— Work required —
From the data that follows, print exactly the lines starting at the one containing "Rectangle(SKETCH6_W, SKETCH6_H_2)" and ending at the one containing "Line((-2.5, -3.75), (-2.5, -1.25))"; include both of them and nothing more.

— Source material —

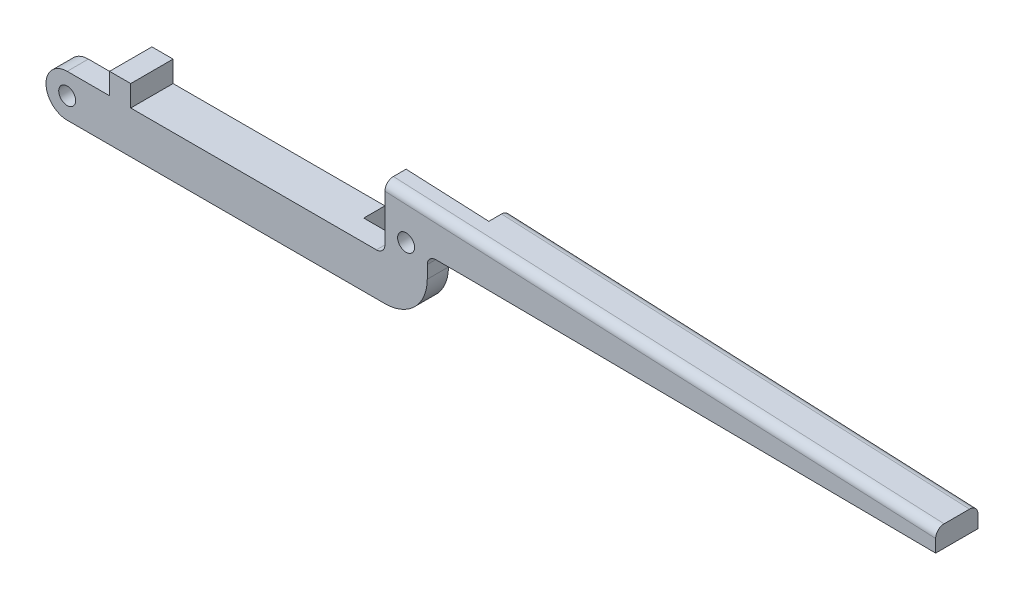
from build123d import *

# Parameters (mm, degrees)
BOSS_EXTRUDE1_DEPTH = 2.5
SKETCH2_W           = 2.5
SKETCH2_H           = 6.25
SKETCH2_H_2         = 2.5
CUT_EXTRUDE1_DEPTH  = 1.25
SKETCH3_R           = 0.5
CUT_EXTRUDE2_DEPTH  = 2.25
SKETCH4_W           = 2.5
SKETCH4_H           = 2.5
SKETCH4_R           = 0.5
SKETCH4_H_2         = 6.134615385
BOSS_EXTRUDE2_DEPTH = 1.25
BOSS_EXTRUDE3_DEPTH = 1.25
SKETCH6_W           = 2.5
SKETCH6_H           = 6.25
SKETCH6_H_2         = 2.5
CUT_EXTRUDE3_DEPTH  = 1.25
CUT_EXTRUDE4_DEPTH  = 1.25
CUT_EXTRUDE5_DEPTH  = 1.25
CUT_EXTRUDE6_DEPTH  = 1.25
CUT_EXTRUDE7_DEPTH  = 1.25
CUT_EXTRUDE8_DEPTH  = 1.25
BOSS_EXTRUDE4_DEPTH = 1.25
CUT_EXTRUDE9_DEPTH  = 1.25
FILLET2_R           = 0.5
FILLET3_R           = 0.5
FILLET4_R           = 0.5
CUT_EXTRUDE10_DEPTH = 1.25
SKETCH16_W          = 2.5
SKETCH16_H          = 2.5
BOSS_EXTRUDE5_DEPTH = 1.25
SKETCH17_W          = 27.617920392
SKETCH17_H          = 2.5
BOSS_EXTRUDE6_DEPTH = 0.25
CUT_EXTRUDE11_DEPTH = 3.5
SKETCH19_W          = 1.25
SKETCH19_H          = 1.25
CUT_EXTRUDE12_DEPTH = 3.5


with BuildPart() as part:
    # Sketch1 → Boss-Extrude1 (new body)
    with BuildSketch(Plane.XY):
        Polygon((0, -1.25), (0, -3.75), (20, -3.75), (22.5, -3.75), (22.5, 0), (52.5, 0), (52.5, 1), (20, 2.5), (20, 0), (20, -1.25), align=None)
    extrude(amount=BOSS_EXTRUDE1_DEPTH)

    # Sketch2 → Cut-Extrude1 (cut)
    with BuildSketch(Plane.XY.offset(2.5)):
        with Locations((21.25, -0.625)):
            Rectangle(SKETCH2_W, SKETCH2_H)
        with Locations((1.25, -2.5)):
            Rectangle(SKETCH2_W, SKETCH2_H_2)
    extrude(amount=-CUT_EXTRUDE1_DEPTH, mode=Mode.SUBTRACT)

    # Sketch3 → Cut-Extrude2 (cut, through all)
    with BuildSketch(Plane.XY.offset(1.25)):
        with Locations((1.25, -2.5)):
            Circle(SKETCH3_R)
        with Locations((21.25, 0)):
            Circle(SKETCH3_R)
    extrude(amount=-CUT_EXTRUDE2_DEPTH, mode=Mode.SUBTRACT)

    # Sketch4 → Boss-Extrude2 (add)
    with BuildSketch(Plane.XY.offset(1.25)):
        with Locations((1.25, -2.5)):
            Rectangle(SKETCH4_W, SKETCH4_H)
        with Locations((1.25, -2.5)):
            Circle(SKETCH4_R, mode=Mode.SUBTRACT)
        with Locations((21.25, -0.682692308)):
            Rectangle(SKETCH4_W, SKETCH4_H_2)
        with Locations((21.25, 0)):
            Circle(SKETCH4_R, mode=Mode.SUBTRACT)
    extrude(amount=BOSS_EXTRUDE2_DEPTH)

    # Sketch5 → Boss-Extrude3 (add)
    with BuildSketch(Plane.XY.offset(1.25)):
        Polygon((20, 2.384615385), (20, 2.5), (22.5, 2.384615385), align=None)
    extrude(amount=BOSS_EXTRUDE3_DEPTH)

    # Sketch6 → Cut-Extrude3 (cut)
    with BuildSketch(Plane(origin=(0, 0, 0), x_dir=(-1, 0, 0), z_dir=(0, 0, -1))):
        with Locations((-21.25, -0.625)):
            Rectangle(SKETCH6_W, SKETCH6_H)
        with Locations((-1.25, -2.5)):
            Rectangle(SKETCH6_W, SKETCH6_H_2)
    extrude(amount=-CUT_EXTRUDE3_DEPTH, mode=Mode.SUBTRACT)

    # Sketch7 → Cut-Extrude4 (cut)
    with BuildSketch(Plane(origin=(0, 0, 0), x_dir=(-1, 0, 0), z_dir=(0, 0, -1))):
        with BuildLine():
            Line((-2.5, -3.75), (-2.5, -1.25))
            ThreePointArc((-2.5, -1.25), (-3.75, -2.5), (-2.5, -3.75))
        make_face()
    extrude(amount=-CUT_EXTRUDE4_DEPTH, mode=Mode.SUBTRACT)

    # Sketch9 → Cut-Extrude5 (cut)
    with BuildSketch(Plane(origin=(0, 0, 1.25), x_dir=(-1, 0, 0), z_dir=(0, 0, -1))):
        with BuildLine():
            Line((0, -1.25), (-1.25, -1.25))
            ThreePointArc((-1.25, -1.25), (-0.366116524, -1.616116524), (0, -2.5))
            Line((0, -2.5), (0, -1.25))
        make_face()
        with BuildLine():
            Line((0, -3.75), (0, -2.5))
            ThreePointArc((0, -2.5), (-0.366116524, -3.383883476), (-1.25, -3.75))
            Line((-1.25, -3.75), (0, -3.75))
        make_face()
    extrude(amount=-CUT_EXTRUDE5_DEPTH, mode=Mode.SUBTRACT)

    # Sketch10 → Cut-Extrude6 (cut)
    with BuildSketch(Plane(origin=(0, 0, 0), x_dir=(-1, 0, 0), z_dir=(0, 0, -1))):
        with BuildLine():
            Line((-22.5, 2.384615385), (-24.882079608, 2.274673249))
            ThreePointArc((-24.882079608, 2.274673249), (-24.146848631, 0.660005249), (-22.5, 0))
            Line((-22.5, 0), (-22.5, 2.384615385))
        make_face()
        with BuildLine():
            Line((-20, -3.75), (-20, -1.25))
            Line((-20, -1.25), (-17.5, -1.25))
            ThreePointArc((-17.5, -1.25), (-18.232233047, -3.017766953), (-20, -3.75))
        make_face()
    extrude(amount=-CUT_EXTRUDE6_DEPTH, mode=Mode.SUBTRACT)

    # Sketch11 → Cut-Extrude7 (cut)
    with BuildSketch(Plane(origin=(0, 0, 1.25), x_dir=(-1, 0, 0), z_dir=(0, 0, -1))):
        with BuildLine():
            Line((-22.5, -1.25), (-22.5, -3.75))
            Line((-22.5, -3.75), (-20, -3.75))
            ThreePointArc((-20, -3.75), (-21.767766953, -3.017766953), (-22.5, -1.25))
        make_face()
    extrude(amount=-CUT_EXTRUDE7_DEPTH, mode=Mode.SUBTRACT)

    # Sketch12 → Cut-Extrude8 (cut)
    with BuildSketch(Plane(origin=(0, 0, 0), x_dir=(-1, 0, 0), z_dir=(0, 0, -1))):
        with BuildLine():
            Line((-24.882079608, 2.274673249), (-24.882079608, 0))
            Line((-24.882079608, 0), (-22.5, 0))
            ThreePointArc((-22.5, 0), (-24.146848631, 0.660005249), (-24.882079608, 2.274673249))
        make_face()
    extrude(amount=-CUT_EXTRUDE8_DEPTH, mode=Mode.SUBTRACT)

    # Sketch13 → Boss-Extrude4 (add)
    with BuildSketch(Plane(origin=(0, 0, 1.25), x_dir=(-1, 0, 0), z_dir=(0, 0, -1))):
        with BuildLine():
            Line((-2.5, -1.25), (-2, -1.25))
            ThreePointArc((-2, -1.25), (-2.5, -2.5), (-2, -3.75))
            Line((-2, -3.75), (-2.5, -3.75))
            ThreePointArc((-2.5, -3.75), (-3.75, -2.5), (-2.5, -1.25))
        make_face()
    extrude(amount=BOSS_EXTRUDE4_DEPTH)

    # Sketch14 → Cut-Extrude9 (cut)
    with BuildSketch(Plane(origin=(0, 0, 0), x_dir=(-1, 0, 0), z_dir=(0, 0, -1))):
        with BuildLine():
            Line((-17.5, -1.25), (-17.5, -3.75))
            Line((-17.5, -3.75), (-20, -3.75))
            ThreePointArc((-20, -3.75), (-18.232233047, -3.017766953), (-17.5, -1.25))
        make_face()
    extrude(amount=-CUT_EXTRUDE9_DEPTH, mode=Mode.SUBTRACT)

    # Fillet2
    fillet2_edges = [part.edges().sort_by_distance(p)[0] for p in [
        (38.691039804, 1.637336624, 0),
        (36.25, 1.75, 2.5),
    ]]
    fillet(fillet2_edges, radius=FILLET2_R)

    # Fillet3
    fillet3_edges = [part.edges().sort_by_distance(p)[0] for p in [
        (22.5, 0, 1.875),
    ]]
    fillet(fillet3_edges, radius=FILLET3_R)

    # Fillet4
    fillet4_edges = [part.edges().sort_by_distance(p)[0] for p in [
        (20, -1.25, 1.875),
    ]]
    fillet(fillet4_edges, radius=FILLET4_R)

    # Sketch15 → Cut-Extrude10 (cut)
    with BuildSketch(Plane(origin=(0, 0, 0), x_dir=(-1, 0, 0), z_dir=(0, 0, -1))):
        with BuildLine():
            Line((-2.5, -1.25), (-2.5, -2.500000004))
            ThreePointArc((-2.5, -2.500000004), (-2.370364003, -1.826854401), (-2, -1.25))
            Line((-2, -1.25), (-2.5, -1.25))
        make_face()
        with BuildLine():
            Line((-2.5, -3.75), (-2, -3.75))
            ThreePointArc((-2, -3.75), (-2.370364002, -3.173145603), (-2.5, -2.500000004))
            Line((-2.5, -2.500000004), (-2.5, -3.75))
        make_face()
    extrude(amount=-CUT_EXTRUDE10_DEPTH, mode=Mode.SUBTRACT)

    # Sketch16 → Boss-Extrude5 (add)
    with BuildSketch(Plane(origin=(0, -1.25, 0), x_dir=(1, 0, 0), z_dir=(0, 1, 0))):
        with Locations((3.75, -1.25)):
            Rectangle(SKETCH16_W, SKETCH16_H)
    extrude(amount=BOSS_EXTRUDE5_DEPTH)

    # Sketch17 → Boss-Extrude6 (add)
    with BuildSketch(Plane.XZ):
        with Locations((38.691039804, 1.25)):
            Rectangle(SKETCH17_W, SKETCH17_H)
    extrude(amount=BOSS_EXTRUDE6_DEPTH)

    # Sketch18 → Cut-Extrude11 (cut, through all)
    with BuildSketch(Plane(origin=(0, 0, 0), x_dir=(-1, 0, 0), z_dir=(0, 0, -1))):
        Polygon((-24.882079608, 0), (-52.5, -0.25), (-24.882079608, -0.25), align=None)
    extrude(amount=-CUT_EXTRUDE11_DEPTH, mode=Mode.SUBTRACT)

    # Sketch19 → Cut-Extrude12 (cut, through all)
    with BuildSketch(Plane(origin=(0, 0, 0), x_dir=(-1, 0, 0), z_dir=(0, 0, -1))):
        with Locations((-3.125, -0.625)):
            Rectangle(SKETCH19_W, SKETCH19_H)
    extrude(amount=-CUT_EXTRUDE12_DEPTH, mode=Mode.SUBTRACT)


solid = part.part

— Written reply —
            Rectangle(SKETCH6_W, SKETCH6_H_2)
    extrude(amount=-CUT_EXTRUDE3_DEPTH, mode=Mode.SUBTRACT)

    # Sketch7 → Cut-Extrude4 (cut)
    with BuildSketch(Plane(origin=(0, 0, 0), x_dir=(-1, 0, 0), z_dir=(0, 0, -1))):
        with BuildLine():
            Line((-2.5, -3.75), (-2.5, -1.25))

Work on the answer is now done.